E' anche vero però che c'è un vivace dibattito riguardo a _disinstall_ e _uninstall_: chi dice che si deve dire _uninstall_, chi dice che _disinstall_ va bene. Io personalmente preferisco uninstall come verbo,  sostantivo uninstallation.


----------



## sorry66

diego.p said:


> 'disinstallazione' non va bene perché si limita a una piccola parte delle attività da fare)





diego.p said:


> *I like it,* even it seems to refer to hardware rather than software (corresponding to the Italian '*smantellare'*)



I think Diego liked 'dismantle' but, I'm sure, he can speak for himself!


----------



## rrose17

Personally I wouldn't use the word dismantlement for software only for a physical structure. What about "to phase out" as in the software has been phased out


diego.p said:


> - Il software X sarà dismesso entro la data Y
> - Le attività necessarie alla dismissione del software X sono...


_The X software is being phased out and will no longer be available as of such and such date.
During the phasing out of X software_ (here we'd need more of the sentence since the structure is different)
In the first example I think "discontinue" works just as well.


----------



## london calling

Ron, diego explained what he meant in a later post (16). _Discontinue_ doesn't work in that particular context (see my post 23). Same with _phased out_: I would say that producers phase out sw, not customers, who quite simply uninstall it and substitute it with something else. 

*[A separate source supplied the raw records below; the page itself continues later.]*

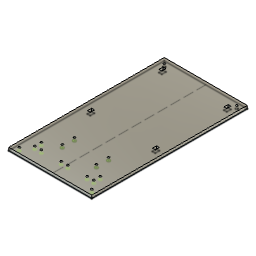
behavior_box_assembly (Autodesk Fusion 360 archive; units mm, degrees)
design "behavior_box_base"
part number: 2025-09-12-10-30-55-084
Autodesk Fusion 360 part; units mm, degrees
sketch "base_5mm_acrylic (1)" plane through (0, 0, 0) normal (0, 0, 1) x (1, 0, 0)
  line L0 (145.4499, -155.05) -> (145.4499, -162.9)
  line L1 (14.5499, -162.9003) -> (14.5499, -155.0503)
  line L2 (0, -300) -> (159.9999, -300)
  line L3 (139.9999, -24.7503) -> (139.9999, -16.9003)
  line L4 (19.9999, -155.0503) -> (19.9999, -162.9003)
  line L5 (14.5499, -16.9003) -> (19.9999, -16.9003)
  line L6 (14.5499, -24.7503) -> (14.5499, -16.9003)
  line L7 (159.9999, -300) -> (159.9999, 0)
  line L8 (19.9999, -162.9003) -> (14.5499, -162.9003)
  line L9 (139.9999, -155.05) -> (145.4499, -155.05)
  line L10 (19.9999, -24.7503) -> (14.5499, -24.7503)
  line L11 (14.5499, -155.0503) -> (19.9999, -155.0503)
  line L12 (139.9999, -16.9003) -> (145.4499, -16.9003)
  line L13 (145.4499, -16.9003) -> (145.4499, -24.7503)
  line L14 (145.4499, -24.7503) -> (139.9999, -24.7503)
  line L15 (0, 0) -> (0, -300)
  line L16 (139.9999, -162.9) -> (139.9999, -155.05)
  line L17 (159.9999, 0) -> (0, 0)
  line L18 (145.4499, -162.9) -> (139.9999, -162.9)
  line L19 (19.9999, -16.9003) -> (19.9999, -24.7503)
  spline S0 degree 3 poles (111.0098, -220.4076) (111.0098, -219.3031) (111.905, -218.4075) (113.0098, -218.4075) (114.1142, -218.4075) (115.0098, -219.3031) (115.0098, -220.4076) (115.0098, -221.5123) (114.1142, -222.4075) (113.0098, -222.4075) (111.905, -222.4075) (111.0098, -221.5123) (111.0098, -220.4076) knots 0 0 0 0 1 1 1 2 2 2 3 3 3 4 4 4 4
  spline S1 degree 3 poles (111.0098, -220.4076) (111.0098, -219.3031) (111.905, -218.4075) (113.0098, -218.4075) (114.1142, -218.4075) (115.0098, -219.3031) (115.0098, -220.4076) (115.0098, -221.5123) (114.1142, -222.4075) (113.0098, -222.4075) (111.905, -222.4075) (111.0098, -221.5123) (111.0098, -220.4076) knots 0 0 0 0 1 1 1 2 2 2 3 3 3 4 4 4 4
  spline S2 degree 3 poles (111.0098, -243.8604) (111.0098, -242.756) (111.905, -241.8605) (113.0098, -241.8605) (114.1142, -241.8605) (115.0098, -242.756) (115.0098, -243.8604) (115.0098, -244.9648) (114.1142, -245.8605) (113.0098, -245.8605) (111.905, -245.8605) (111.0098, -244.9648) (111.0098, -243.8604) knots 0 0 0 0 1 1 1 2 2 2 3 3 3 4 4 4 4
  spline S3 degree 3 poles (111.0098, -243.8604) (111.0098, -242.756) (111.905, -241.8605) (113.0098, -241.8605) (114.1142, -241.8605) (115.0098, -242.756) (115.0098, -243.8604) (115.0098, -244.9648) (114.1142, -245.8605) (113.0098, -245.8605) (111.905, -245.8605) (111.0098, -244.9648) (111.0098, -243.8604) knots 0 0 0 0 1 1 1 2 2 2 3 3 3 4 4 4 4
  spline S4 degree 3 poles (45.0121, -220.4076) (45.0121, -219.3031) (45.9075, -218.4075) (47.0121, -218.4075) (48.1166, -218.4075) (49.0121, -219.3031) (49.0121, -220.4076) (49.0121, -221.5123) (48.1166, -222.4075) (47.0121, -222.4075) (45.9075, -222.4075) (45.0121, -221.5123) (45.0121, -220.4076) knots 0 0 0 0 1 1 1 2 2 2 3 3 3 4 4 4 4
  spline S5 degree 3 poles (45.0121, -220.4076) (45.0121, -219.3031) (45.9075, -218.4075) (47.0121, -218.4075) (48.1166, -218.4075) (49.0121, -219.3031) (49.0121, -220.4076) (49.0121, -221.5123) (48.1166, -222.4075) (47.0121, -222.4075) (45.9075, -222.4075) (45.0121, -221.5123) (45.0121, -220.4076) knots 0 0 0 0 1 1 1 2 2 2 3 3 3 4 4 4 4
  spline S6 degree 3 poles (45.0121, -243.8604) (45.0121, -242.756) (45.9075, -241.8605) (47.0121, -241.8605) (48.1166, -241.8605) (49.0121, -242.756) (49.0121, -243.8604) (49.0121, -244.9648) (48.1166, -245.8605) (47.0121, -245.8605) (45.9075, -245.8605) (45.0121, -244.9648) (45.0121, -243.8604) knots 0 0 0 0 1 1 1 2 2 2 3 3 3 4 4 4 4
  spline S7 degree 3 poles (45.0121, -243.8604) (45.0121, -242.756) (45.9075, -241.8605) (47.0121, -241.8605) (48.1166, -241.8605) (49.0121, -242.756) (49.0121, -243.8604) (49.0121, -244.9648) (48.1166, -245.8605) (47.0121, -245.8605) (45.9075, -245.8605) (45.0121, -244.9648) (45.0121, -243.8604) knots 0 0 0 0 1 1 1 2 2 2 3 3 3 4 4 4 4
  spline S8 degree 3 poles (134.8502, -272.9937) (134.8502, -271.8892) (135.7454, -270.9937) (136.8502, -270.9937) (137.9546, -270.9937) (138.8502, -271.8892) (138.8502, -272.9937) (138.8502, -274.0981) (137.9546, -274.9937) (136.8502, -274.9937) (135.7454, -274.9937) (134.8502, -274.0981) (134.8502, -272.9937) knots 0 0 0 0 1 1 1 2 2 2 3 3 3 4 4 4 4
  spline S9 degree 3 poles (84.8501, -272.9937) (84.8501, -271.8892) (85.7457, -270.9937) (86.8501, -270.9937) (87.9546, -270.9937) (88.8501, -271.8892) (88.8501, -272.9937) (88.8501, -274.0981) (87.9546, -274.9937) (86.8501, -274.9937) (85.7457, -274.9937) (84.8501, -274.0981) (84.8501, -272.9937) knots 0 0 0 0 1 1 1 2 2 2 3 3 3 4 4 4 4
  spline S10 degree 3 poles (33.8503, -272.9937) (33.8503, -271.8892) (34.7457, -270.9937) (35.8503, -270.9937) (36.9549, -270.9937) (37.8503, -271.8892) (37.8503, -272.9937) (37.8503, -274.0981) (36.9549, -274.9937) (35.8503, -274.9937) (34.7457, -274.9937) (33.8503, -274.0981) (33.8503, -272.9937) knots 0 0 0 0 1 1 1 2 2 2 3 3 3 4 4 4 4
  spline S11 degree 3 poles (122.1502, -272.9937) (122.1502, -271.8892) (123.0454, -270.9937) (124.1502, -270.9937) (125.2546, -270.9937) (126.1502, -271.8892) (126.1502, -272.9937) (126.1502, -274.0981) (125.2546, -274.9937) (124.1502, -274.9937) (123.0454, -274.9937) (122.1502, -274.0981) (122.1502, -272.9937) knots 0 0 0 0 1 1 1 2 2 2 3 3 3 4 4 4 4
  spline S12 degree 3 poles (134.8502, -260.294) (134.8502, -259.1896) (135.7454, -258.294) (136.8502, -258.294) (137.9546, -258.294) (138.8502, -259.1896) (138.8502, -260.294) (138.8502, -261.3984) (137.9546, -262.294) (136.8502, -262.294) (135.7454, -262.294) (134.8502, -261.3984) (134.8502, -260.294) knots 0 0 0 0 1 1 1 2 2 2 3 3 3 4 4 4 4
  spline S13 degree 3 poles (72.1501, -272.9937) (72.1501, -271.8892) (73.0457, -270.9937) (74.1501, -270.9937) (75.2546, -270.9937) (76.1501, -271.8892) (76.1501, -272.9937) (76.1501, -274.0981) (75.2546, -274.9937) (74.1501, -274.9937) (73.0457, -274.9937) (72.1501, -274.0981) (72.1501, -272.9937) knots 0 0 0 0 1 1 1 2 2 2 3 3 3 4 4 4 4
  spline S14 degree 3 poles (21.1503, -272.9937) (21.1503, -271.8892) (22.0457, -270.9937) (23.1503, -270.9937) (24.2549, -270.9937) (25.1503, -271.8892) (25.1503, -272.9937) (25.1503, -274.0981) (24.2549, -274.9937) (23.1503, -274.9937) (22.0457, -274.9937) (21.1503, -274.0981) (21.1503, -272.9937) knots 0 0 0 0 1 1 1 2 2 2 3 3 3 4 4 4 4
  spline S15 degree 3 poles (21.1503, -260.294) (21.1503, -259.1896) (22.0457, -258.294) (23.1503, -258.294) (24.2549, -258.294) (25.1503, -259.1896) (25.1503, -260.294) (25.1503, -261.3984) (24.2549, -262.294) (23.1503, -262.294) (22.0457, -262.294) (21.1503, -261.3984) (21.1503, -260.294) knots 0 0 0 0 1 1 1 2 2 2 3 3 3 4 4 4 4
  spline S16 degree 3 poles (12.0002, -289.9998) (12.0002, -291.1044) (11.1048, -291.9998) (10.0002, -291.9998) (8.8957, -291.9998) (8.0002, -291.1044) (8.0002, -289.9998) (8.0002, -288.8952) (8.8957, -287.9998) (10.0002, -287.9998) (11.1048, -287.9998) (12.0002, -288.8952) (12.0002, -289.9998) knots 0 0 0 0 1 1 1 2 2 2 3 3 3 4 4 4 4
  spline S17 degree 3 poles (152.0002, -289.9998) (152.0002, -291.1044) (151.1048, -291.9998) (150.0002, -291.9998) (148.8957, -291.9998) (148.0002, -291.1044) (148.0002, -289.9998) (148.0002, -288.8952) (148.8957, -287.9998) (150.0002, -287.9998) (151.1048, -287.9998) (152.0002, -288.8952) (152.0002, -289.9998) knots 0 0 0 0 1 1 1 2 2 2 3 3 3 4 4 4 4
  spline S18 degree 3 poles (11.9999, -10) (11.9999, -11.1045) (11.1045, -12) (9.9999, -12) (8.8954, -12) (7.9999, -11.1045) (7.9999, -10) (7.9999, -8.8954) (8.8954, -8) (9.9999, -8) (11.1045, -8) (11.9999, -8.8954) (11.9999, -10) knots 0 0 0 0 1 1 1 2 2 2 3 3 3 4 4 4 4
  spline S19 degree 3 poles (151.9999, -10) (151.9999, -11.1045) (151.1045, -12) (149.9999, -12) (148.8954, -12) (147.9999, -11.1045) (147.9999, -10) (147.9999, -8.8954) (148.8954, -8) (149.9999, -8) (151.1045, -8) (151.9999, -8.8954) (151.9999, -10) knots 0 0 0 0 1 1 1 2 2 2 3 3 3 4 4 4 4
  line L20 (79.9999, 0) -> (79.9999, -300) construction
  point P0 (10, -287.9998)
  dimension "d37" = 159.9999
  dimension "d38" = 300
  dimension "d42" = 120
  dimension "d43" = 120
  dimension "d44" = 5.45
  dimension "d47" = 19.9999
  dimension "d51" = 12.0002
  dimension "d52" = 12.0002
  dimension "d54" = 10
  dimension "d55" = 11.9999
  dimension "d56" = 10
  dimension "d57" = 7.9999
  dimension "d60" = 146
  dimension "d61" = 145.9997
  dimension "d62" = 130.9
  dimension "d70" = 7.85
  dimension "d73" = 16.9003
  dimension "d74" = 16.9003
  dimension "d71" = 130.3
  constraint perpendicular L15 L17
  constraint perpendicular L7 L17
  constraint perpendicular L2 L7
  constraint coincident L15.start L17.end
  constraint horizontal L17
  constraint equal L8 L11
  constraint equal L11 L18
  constraint equal L9 L18
  constraint equal L9 L14
  constraint equal L12 L14
  constraint equal L10 L12
  constraint equal L5 L10
  constraint coincident S16 P0
  constraint coincident L17 L20.start
  constraint perpendicular L17 L20
  constraint midpoint L2 L20.end
  constraint symmetric L6 L13 L20
  constraint equal L6 L19
  constraint equal L3 L19
  constraint equal L3 L13
  constraint equal L0 L13
  constraint equal L0 L16
  constraint equal L4 L16
  constraint equal L1 L4
  measures "d37" distance of L7.end L15.start
  measures "d38" distance of L2 L17
  measures "d42" distance of L4 L16
  measures "d43" distance of L3 L19
  measures "d44" distance of L1 L4
  measures "d47" distance of L3 L7
  measures "d51" distance of L15 S16.start
  measures "d52" distance of L2 P0
  measures "d54" distance of L17 S18.start
  measures "d55" distance of L15 S18.start
  measures "d56" distance of L17 S19.start
  measures "d57" distance of L7 S19.start
  measures "d60" distance of L5 L8
  measures "d61" distance of L12 L18
  measures "d62" distance of L0 L1
  measures "d70" distance of L4.start L4.end
  measures "d73" distance of L5 L17
  measures "d74" distance of L12 L17
extrude "Extrude1" add sketch "base_5mm_acrylic (1)" along normal blind 5.6
extrude "Extrude3" [suppressed]
extrude "Extrude2" [suppressed]
equation "acr_thickness = 5.6 mm" comment "thickness of acrylic used to laser cut parts"
equation "kerf = 0.15 mm"
equation "d7 = acr_thickness"
equation "d31 = acr_thickness"
equation "d44 = acr_thickness - 1 * kerf"
equation "d58 = -acr_thickness"
equation "d70 = 8.00 mm - 1 * kerf"
named bodies: "Base"

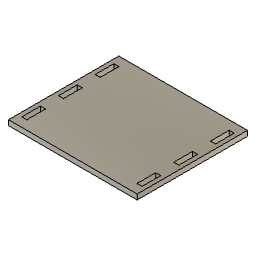
design "behavior_box_top_closed" references "behavior_box_base"
part number: 2025-09-14-13-40-32-552
Autodesk Fusion 360 part; units mm, degrees
sketch "Sketch1" plane through (0, 0, 0) normal (0, 0, 1) x (1, 0, 0)
  line L0 (135.4499, -70.1501) -> (129.9999, -70.1501)
  line L1 (135.4499, -49.8502) -> (135.4499, -70.1501)
  line L2 (135.4499, -30.1501) -> (129.9999, -30.1501)
  line L3 (0, -119.9999) -> (0, 0)
  line L4 (129.9999, -9.8499) -> (135.4499, -9.8499)
  line L5 (135.4499, -9.8499) -> (135.4499, -30.1501)
  line L6 (4.5499, -89.8142) -> (9.9999, -89.8142)
  line L7 (9.9999, -89.8142) -> (9.9999, -110.1141)
  line L8 (129.9999, -49.8502) -> (135.4499, -49.8502)
  line L9 (129.9999, -89.8486) -> (135.4499, -89.8486)
  line L10 (9.9999, -49.8499) -> (9.9999, -70.1497)
  line L11 (9.9999, -110.1141) -> (4.5499, -110.1141)
  line L12 (129.9999, -70.1501) -> (129.9999, -49.8502)
  line L13 (139.9999, 0) -> (139.9999, -119.9999)
  line L14 (9.9999, -9.8504) -> (9.9999, -30.1501)
  line L15 (9.9999, -70.1497) -> (4.5499, -70.1498)
  line L16 (4.5499, -70.1498) -> (4.5499, -49.8499)
  line L17 (4.5499, -30.1501) -> (4.5499, -9.8504)
  line L18 (129.9999, -110.1485) -> (129.9999, -89.8486)
  line L19 (129.9999, -30.1501) -> (129.9999, -9.8499)
  line L20 (4.5499, -110.1141) -> (4.5499, -89.8142)
  line L21 (9.9999, -30.1501) -> (4.5499, -30.1501)
  line L22 (139.9999, -119.9999) -> (0, -119.9999)
  line L23 (4.5499, -9.8504) -> (9.9999, -9.8504)
  line L24 (0, 0) -> (139.9999, 0)
  line L25 (135.4499, -110.1485) -> (129.9999, -110.1485)
  line L26 (135.4499, -89.8486) -> (135.4499, -110.1485)
  line L27 (4.5499, -49.8499) -> (9.9999, -49.8499)
  line L28 (69.9999, 0) -> (69.9999, -119.9999) construction
  dimension "d1" = 5.45
  dimension "d2" = 119.9999
  dimension "d3" = 139.9999
  dimension "d5" = 120
  constraint vertical L13
  constraint horizontal L24
  constraint midpoint L24 L28.start
  constraint midpoint L22 L28.end
  constraint collinear L16 L17
  constraint collinear L16 L20
  constraint collinear L12 L19
  constraint collinear L12 L18
  constraint collinear L2 L21
  constraint coincident L3.end L24.start
  constraint perpendicular L14 L23
  constraint perpendicular L17 L21
  constraint perpendicular L16 L27
  constraint perpendicular L15 L16
  constraint perpendicular L6 L20
  constraint perpendicular L11 L20
  constraint perpendicular L9 L26
  constraint perpendicular L25 L26
  constraint perpendicular L0 L1
  constraint perpendicular L1 L8
  constraint perpendicular L8 L12
  constraint perpendicular L4 L19
  constraint perpendicular L4 L5
  constraint equal L4 L23
  constraint collinear L1 L5
  constraint collinear L1 L26
  measures "d1" distance of L14 L17
  measures "d2" distance of L22 L24
  measures "d3" distance of L3 L13
  measures "d5" distance of L7 L18
other "Derived from behavior_box_base"
extrude "Extrude1" add sketch "Sketch1" along normal blind 5.6
equation "d1 = acr_thickness_Ref - kerf_Ref"
equation "acr_thickness_Ref = 5.6 mm" comment "thickness of acrylic used to laser cut parts"
equation "kerf_Ref = 0.15 mm"
equation "d8 = acr_thickness_Ref"

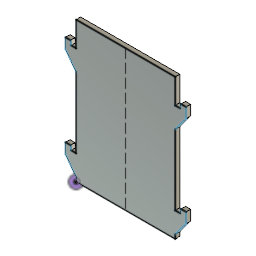
design "behavior_box_front" references "behavior_box_base"
part number: 2025-09-12-13-42-14-660
Autodesk Fusion 360 part; units mm, degrees
sketch "Sketch1" plane through (0, 0, 0) normal (0, 1, 0) x (1, 0, 0)
sketch "Sketch2" plane through (0, 0, 0) normal (0, 1, 0) x (1, 0, 0)
  line L0 (0, -115.0743) -> (0, -30.0003)
  line L1 (-12.9995, -144.9995) -> (-12.9995, -132.5621)
  line L2 (-12.9995, -132.5621) -> (0, -115.0743)
  line L3 (120.0003, 0) -> (120.0003, -5.0002)
  line L4 (0, -5.0002) -> (0, 0)
  line L5 (120.0003, -5.0002) -> (119.9999, -5.0002)
  line L6 (-6.7911, -35.0005) -> (-12.9995, -35.0005)
  line L7 (0, -30.0003) -> (-5.795, -30.0003)
  line L8 (0, 0) -> (120.0003, 0)
  line L9 (120.0003, -115.0661) -> (120.0121, -115.0661)
  line L10 (-12.9995, -22.5003) -> (0, -5.0002)
  line L11 (126.8044, -144.9995) -> (125.7953, -139.9993)
  line L12 (120.0008, -29.9993) -> (120.0003, -29.9993)
  line L13 (120.0121, -115.0661) -> (133.0007, -132.5621)
  line L14 (126.8455, -35.0005) -> (125.7953, -29.9993)
  line L15 (120.0003, -29.9993) -> (120.0003, -115.0661)
  line L16 (133.0007, -132.5621) -> (133.0007, -144.9995)
  line L17 (120.0006, -139.9993) -> (120.0003, -139.9993)
  line L18 (-12.9995, -35.0005) -> (-12.9995, -22.5003)
  line L19 (133.0007, -144.9995) -> (126.8044, -144.9995)
  line L20 (-5.795, -30.0003) -> (-6.7911, -35.0005)
  line L21 (133.0007, -22.5003) -> (133.0007, -35.0005)
  line L22 (133.0007, -35.0005) -> (126.8455, -35.0005)
  line L23 (119.9999, -5.0002) -> (133.0007, -22.5003)
  line L24 (0, -169.9998) -> (0, -139.9993)
  line L25 (120.0003, -139.9993) -> (120.0003, -169.9998)
  line L26 (0, -139.9993) -> (-5.795, -139.9993)
  line L27 (120.0003, -169.9998) -> (0, -169.9998)
  line L28 (-6.8033, -144.9995) -> (-12.9995, -144.9995)
  line L29 (-5.795, -139.9993) -> (-6.8033, -144.9995)
  line L30 (120.0003, -139.9993) -> (125.7953, -139.9993)
  line L31 (120.0003, -29.9993) -> (125.7953, -29.9993)
  line L32 (60.0001, -169.9998) -> (60.0001, 0) construction
  dimension "d1" = 120.0003
  dimension "d2" = 169.9998
  dimension "d4" = 30.0006
  dimension "d5" = 5.0002
  dimension "d7" = 5.0002
  dimension "d8" = 5.795
  dimension "d9" = 12.5002
  dimension "d11" = 35.0005
  dimension "d12" = 5.0002
  dimension "d16" = 5.795
  dimension "d18" = 5.795
  dimension "d19" = 5.795
  dimension "d22" = 30.0006
  dimension "d28" = 110
  dimension "d29" = 146.0002
  constraint perpendicular L24 L27
  constraint perpendicular L25 L27
  constraint perpendicular L8 L15
  constraint perpendicular L0 L8
  constraint perpendicular L0 L7
  constraint collinear L6 L22
  constraint collinear L0 L4
  constraint collinear L3 L15
  constraint collinear L0 L24
  constraint collinear L15 L25
  constraint collinear L19 L28
  constraint collinear L1 L18
  constraint collinear L16 L21
  constraint coincident L4.end L8.start
  constraint horizontal L8
  constraint equal L18 L21
  constraint equal L1 L16
  constraint equal L3 L4
  constraint equal L24 L25
  constraint equal L2 L13
  constraint perpendicular L25 L30
  constraint perpendicular L15 L31
  constraint equal L7 L31
  constraint equal L30 L31
  constraint equal L26 L30
  constraint equal L19 L28
  constraint midpoint L27 L32.start
  constraint midpoint L8 L32.end
  constraint symmetric L26 L30 L32
  constraint vertical L16
  measures "d1" distance of L0 L15
  measures "d2" distance of L8 L27
  measures "d4" distance of L24.start L24.end
  measures "d5" distance of L6 L7
  measures "d7" distance of L26 L28
  measures "d8" distance of L0.end L7.end
  measures "d9" distance of L6.end L10.start
  measures "d11" distance of L6 L8
  measures "d12" distance of L4.start L4.end
  measures "d16" distance of L24.end L26.end
  measures "d18" distance of L11.end L17.end
  measures "d19" distance of L14.end L12.end
  measures "d22" distance of L27 L30
  measures "d28" distance of L30 L31
  measures "d29" distance of L1 L16
other "Derived from behavior_box_base"
extrude "Extrude1" add sketch "Sketch2" along normal blind 5.6
equation "d8 = acr_thickness_Ref + 1.3 * kerf_Ref"
equation "acr_thickness_Ref = 5.6 mm" comment "thickness of acrylic used to laser cut parts"
equation "kerf_Ref = 0.15 mm"
equation "d25 = acr_thickness_Ref"

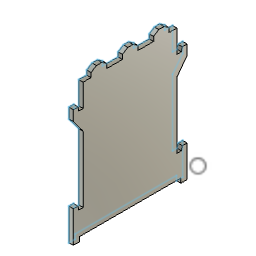
design "behavior_box_side" references "behavior_box_base"
part number: 2025-09-12-13-15-45-641
Autodesk Fusion 360 part; units mm, degrees
sketch "Sketch3" plane through (0, 0, 0) normal (1, 0, 0) x (0, 1, 0)
  line L0 (-19.607, 134.9148) -> (-32.6169, 118.167)
  line L1 (-19.607, 38.2007) -> (-19.607, -2.5486)
  line L2 (-102.5423, 172.4703) -> (-102.5423, 178.0703)
  line L3 (-42.7124, 178.0703) -> (-42.7124, 172.4703)
  line L4 (-129.016, 182.4513) -> (-122.5425, 178.0703)
  line L5 (-136.0157, 182.4513) -> (-129.016, 182.4513)
  line L6 (-49.1979, 182.4513) -> (-42.7124, 178.0703)
  line L7 (-25.8097, 148.1999) -> (-19.607, 148.1999)
  line L8 (-95.6509, 182.4513) -> (-89.0008, 182.4513)
  line L9 (-26.8139, 143.2014) -> (-25.8097, 148.1999)
  line L10 (-157.6068, 3.2014) -> (-157.6068, -2.5486)
  line L11 (-32.6089, 143.2014) -> (-26.8139, 143.2014)
  line L12 (-142.8034, 178.0703) -> (-136.0157, 182.4513)
  line L13 (-27.6069, 3.2014) -> (-157.6068, 3.2014)
  line L14 (-19.607, 148.1999) -> (-19.607, 134.9148)
  line L15 (-32.6089, 172.4703) -> (-32.6089, 143.2014)
  line L16 (-102.5423, 178.0703) -> (-95.6509, 182.4513)
  line L17 (-26.8219, 33.2014) -> (-25.562, 38.2007)
  line L18 (-82.5216, 178.0703) -> (-82.5216, 172.4703)
  line L19 (-142.8034, 172.4703) -> (-142.8034, 178.0703)
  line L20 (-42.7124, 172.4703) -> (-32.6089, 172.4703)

And of course I agree about _dimantlement_ (see my post 25). As I said, we dismantle hw, not sw.


----------



## King Crimson

I understand that the process does include the hardware ("rimozione dei server che lo ospitavano", post #14). If so, I think it's difficult to find a term that covers _both_ hardware and software.


----------



## sorry66

Looking at the WR dictionary 'dismesso' does just mean 'discontinue' so it could be used.
I think you can talk about the 'dismantlement of a service'.
I think Diego is aware (as aware as we are)  that 'dismantle', in general, is for hardware - post#18.


----------



## Mary49

Why not use "remove"?


----------



## sorry66

How about 'replaced' and 'replacement'?


----------



## Benzene

_*Hello, All!*

Even if term "decommissioning" is used in Oil&Gas industry and Navy, I would like to  know if this could be used for OP above.

Thanks in advance.

Bye,

*Benzene*_


----------



## sorry66

Hi, Benzene.  I thought of that, too, but it's just too heavy in this context.


----------



## rrose17

diego.p said:


> "Microsoft Word sarà dismesso e sostituito da OpenOffice".





london calling said:


> Ron, diego explained what he meant in a later post (16). _Discontinue_ doesn't work in that particular context (see my post 23). Same with _phased out_: I would say that producers phase out sw, not customers, who quite simply uninstall it and substitute it with something else.


I think it sounds like employees are being told of changes happening, so phasing out still works, no?
M***W*** is being phased out and will be replaced by O*****. Uninstalls will be happening next week. (I know, another verb "uninstall" being roped into being a noun )


----------



## sorry66

To be honest, I also think 'discontinuation' and 'phasing out' should work really.


----------



## london calling

sorry66 said:


> Looking at the WR dictionary 'dismesso' does just mean 'discontinue' so it could be used.


I disagree, sorry.  This is a different context and here _dismettere_ does not mean discontinue , it means 'remove/uninstall', as I said above.

I do however agree that you can dismantle a service, although to me it sounds ironic (the way they describe the dismantling of the NHS in the UK for example: they don't mean they're literally closing it down, they mean it's being undermined and pieces are falling away, bit by bit, which in the end will lead to its end....).

Ron, well yes, I suppose phasing out might be a part of the process which precedes removal (dismissione) and replacement of the offending sw. Mind you, the company I work for is changing hands. ** We've already been told that our SAP Management System (and e-mail etc.) will not be operative for 24-48 hours: they're going to ensure that all the data migrates safely, uninstall SAP and then put a new system in. No phasing out there....it's going to be complete chaos!

And  _uninstall_ as a noun is interesting. I think I like it better than the other one I found (uninstallation).

** Edit. I've just discovered that what will happen above is called Application retirement or decommissioning. See Wiki.


----------



## Benzene

*Hello LC!*
_
So, if I have understood well my proposal [decommissioning] is applicable to OP above.

I use this term for obsolete chemical plants.

Bye,
_
*Benzene*


----------



## sorry66

Or nuclear plants! (that's why I said it was 'heavy')
Seems a bit of a stretch here, but if they use it in IT, they use it!


----------



## MR1492

I have also heard the term "to sunset" or "sunseting" used to describe the elimination of a software program.

Phil


----------



## london calling

I've head (or read, more probably) _to sunset_ as well, Phil.


----------



## sorry66

It's in your Wiki link post #37.


----------